Turi Fileccia is one of the FAO's agricultural officers who led the mission. He said the team found that both rainfall and snowmelt -- the country's two sources of water -- were both extremely low this year. The result, he says, is an almost total failure of rain-fed agriculture and substantially reduced irrigated agriculture:
"The most severely hit is the northwestern part of the country, where the situation was even worse than last year in some areas. All the western [water] catchment [region] of the country had insufficient snowfall, and this is the main reason [for water shortages there], because the snow recharges the rivers and the rivers charge the irrigation system of the country."
Fileccia continued:
"The eastern part of the country was somewhat better this year, in all the eastern catchment [region] of the country, which goes from north to south. Some central provinces were a bit better off, but all the rest of the country was in really bad shape." The FAO team estimated that in total, Afghanistan will face a domestic grain shortfall for the July 2001 to June 2002 marketing year of some 2.2 million tons.

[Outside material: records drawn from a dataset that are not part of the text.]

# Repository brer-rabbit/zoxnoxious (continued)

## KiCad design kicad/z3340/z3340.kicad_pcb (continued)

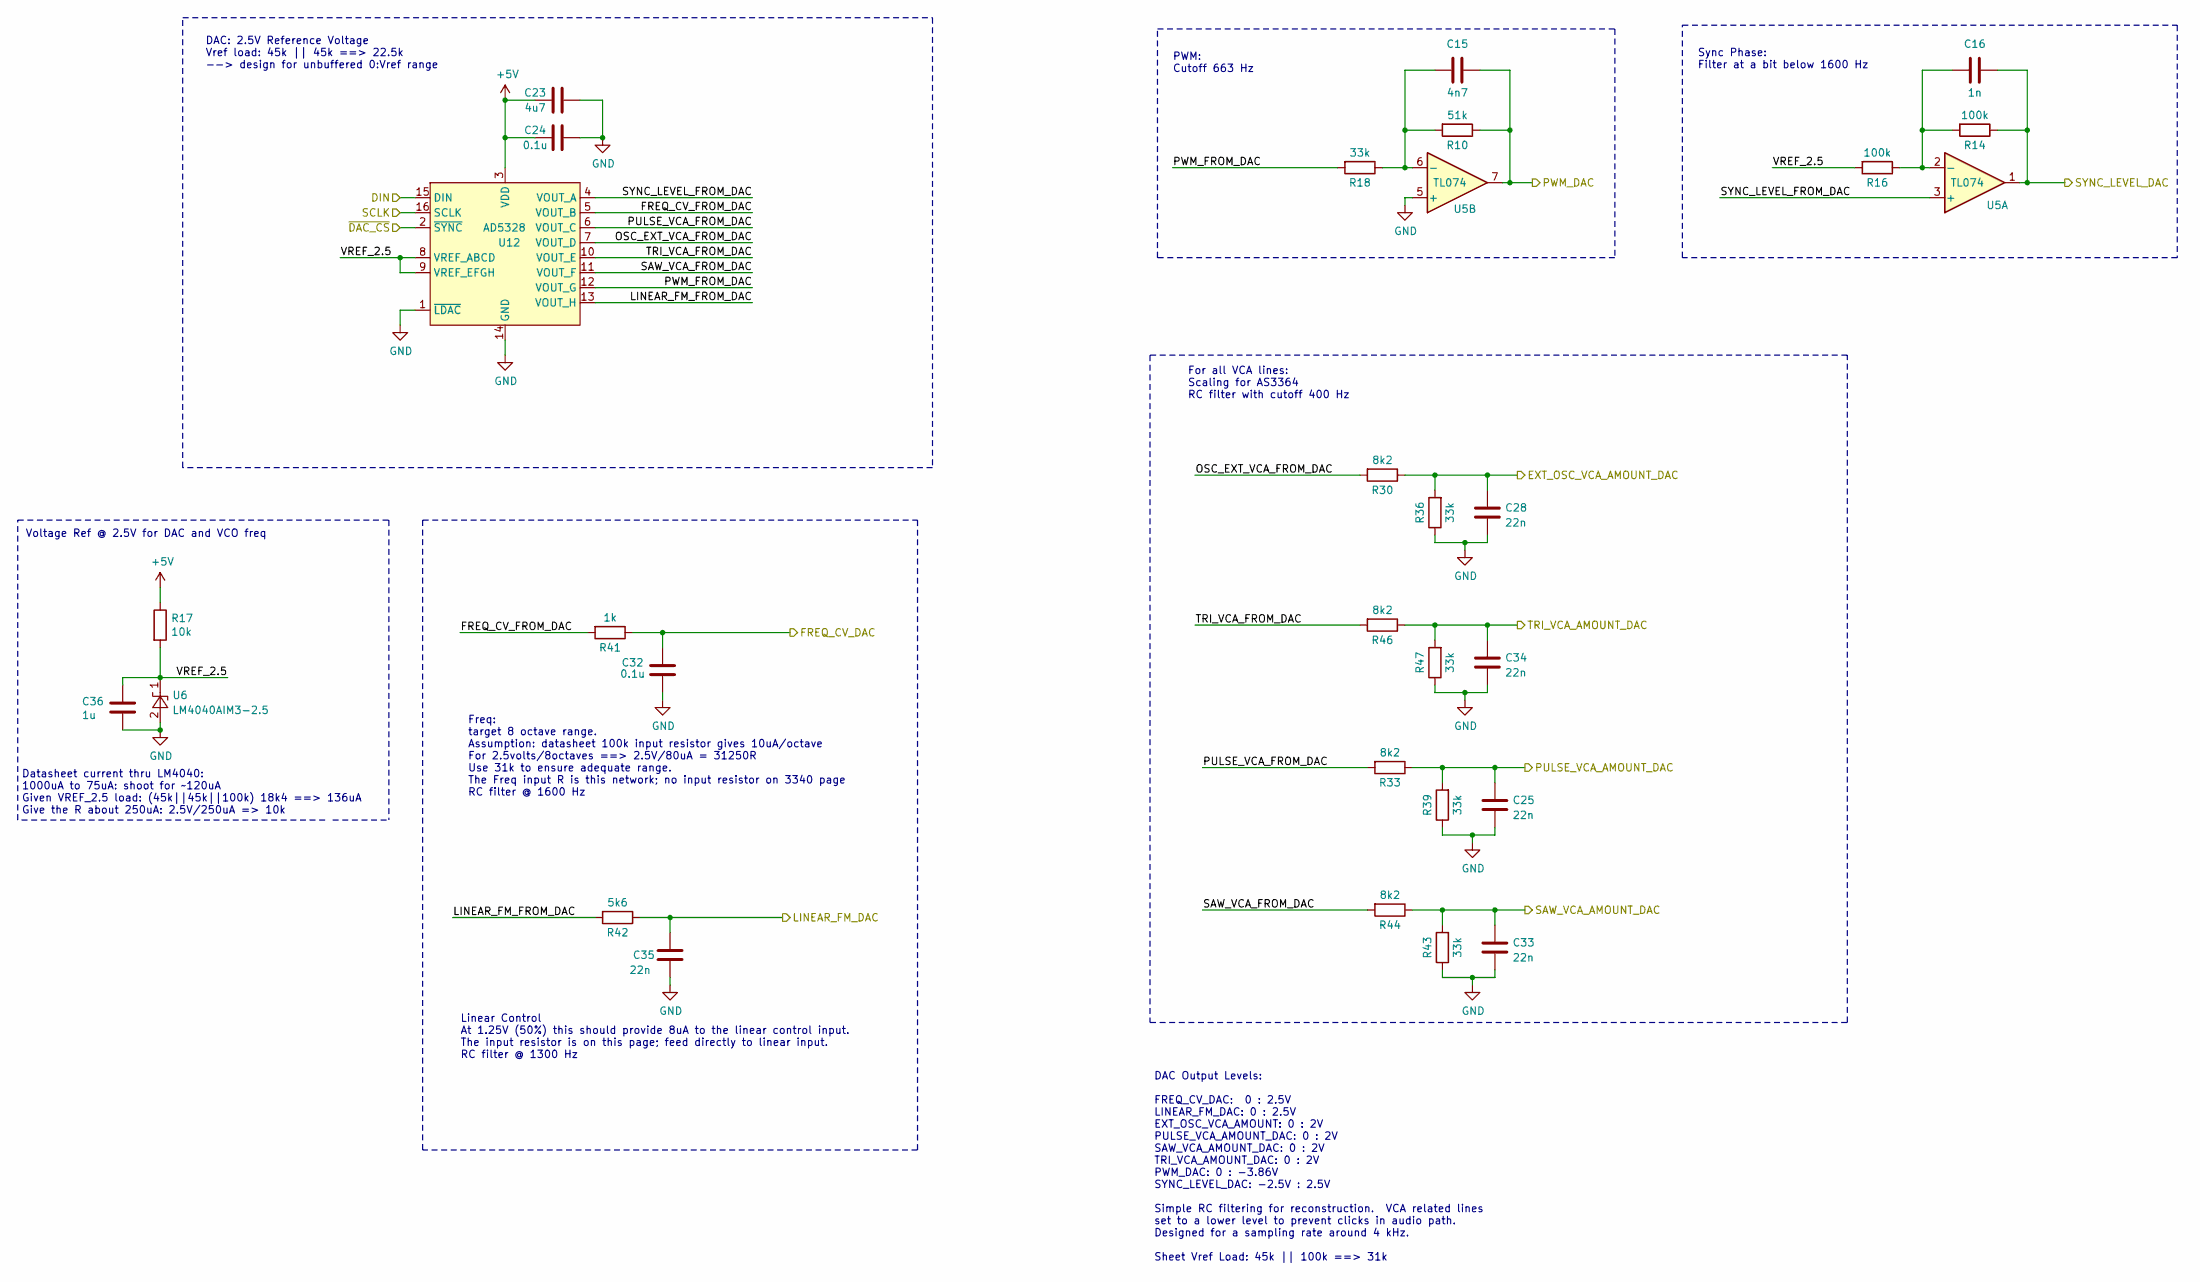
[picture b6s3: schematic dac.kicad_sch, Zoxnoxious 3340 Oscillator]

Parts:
C15: 4n7; C_0603_1608Metric; LCSC C53987
C16: 1n; C_0603_1608Metric; LCSC C1588
C23: 4u7; C_0805_2012Metric; LCSC C1779
C24, C32: 0.1u; C_0603_1608Metric; LCSC C14663
C25, C28, C33, C34, C35: 22n; C_0603_1608Metric; LCSC C21122
C36: 1u; C_0603_1608Metric; LCSC C15849
R10: 51k; R_0603_1608Metric; LCSC C23196
R14, R16: 100k; R_0603_1608Metric; LCSC C25803
R17: 10k; R_0603_1608Metric; LCSC C25804
R18, R36, R39, R43, R47: 33k; R_0603_1608Metric; LCSC C4216
R30, R33, R44, R46: 8k2; R_0603_1608Metric; LCSC C25981
R41: 1k; R_0603_1608Metric; LCSC C21190
R42: 5k6; R_0603_1608Metric; LCSC C23189
U5: TL074; TSSOP-14_4.4x5mm_P0.65mm; LCSC C96507
U6: LM4040AIM3-2.5; SOT-23; LCSC C460725
U12: AD5328; TSSOP-16_4.4x5mm_P0.65mm; LCSC C29162

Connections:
+5V: C23.1, C24.1, R17.1, U12.3 (VDD); also elsewhere on the board
/DAC/FREQ_CV_FROM_DAC: R41.2, U12.5 (VOUT_B)
/DAC/LINEAR_FM_FROM_DAC: R42.2, U12.13 (VOUT_H)
/DAC/OSC_EXT_VCA_FROM_DAC: R30.2, U12.7 (VOUT_D)
/DAC/PULSE_VCA_FROM_DAC: R33.2, U12.6 (VOUT_C)
/DAC/PWM_FROM_DAC: R18.2, U12.12 (VOUT_G)
/DAC/SAW_VCA_FROM_DAC: R44.2, U12.11 (VOUT_F)
/DAC/SYNC_LEVEL_FROM_DAC: U5.3 (+), U12.4 (VOUT_A)
/DAC/TRI_VCA_FROM_DAC: R46.2, U12.10 (VOUT_E)
/DAC/VREF_2.5: C36.1, R16.2, R17.2, U6.1 (K), U12.8 (VREF_ABCD), U12.9 (VREF_EFGH)
/EXT_OSC_VCA_AMOUNT_DAC: C28.1, R30.1, R36.2; also elsewhere on the board
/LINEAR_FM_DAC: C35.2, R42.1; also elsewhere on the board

That is slightly less than last year's record shortfall of 2.3 million tons. The improvement reflects a somewhat better cereal production overall for the country compared to 2000, which was one of Afghanistan's worst drought years in three decades.
But the team says that Afghanis' ability to cope with domestic shortfalls has continued to decline with each successive year of drought. Many now have nothing left to sell in order to buy grain that is commercially imported.
Fileccia says that this year Afghanistan will be able to afford to commercially import only some 760,000 tons of grain. The World Food Program, which is funded by international donors, currently is able to supply Afghanistan with an additional 400,000 tons of free grain, as it did last year. But Fileccia says that will still leave a grain deficit of more than a million tons which, if unaddressed, could have disastrous consequences.
"Last year, the country as a whole was able to cover this gap, because the economic situation of the country was better. This was because of the [opium] poppy economy. [Whereas] this year, without the poppy economy, and with the people already having sold all their assets, they will not able to cover the gap, or deficit. So this year we will really be able to see the effects of the drought in terms of famine in the Afghan population."
This year, the 95 percent of Afghanistan ruled by the Taliban is producing no opium poppy crop, following a ban by the militia on its cultivation. The ban in Afghanistan -- which for years produced 75 percent of the world's opium crop -- has been welcomed by international drug control officials. But it has also left millions of rural Afghanis without an income, because the drought has prevented them from switching to more water-intensive crops like wheat.
The FAO mission estimates that the poppy ban will affect some 480,000 farmers and their family members, along with the additional 2.8 million migrant workers and their family members who used to help bring in the poppy harvest.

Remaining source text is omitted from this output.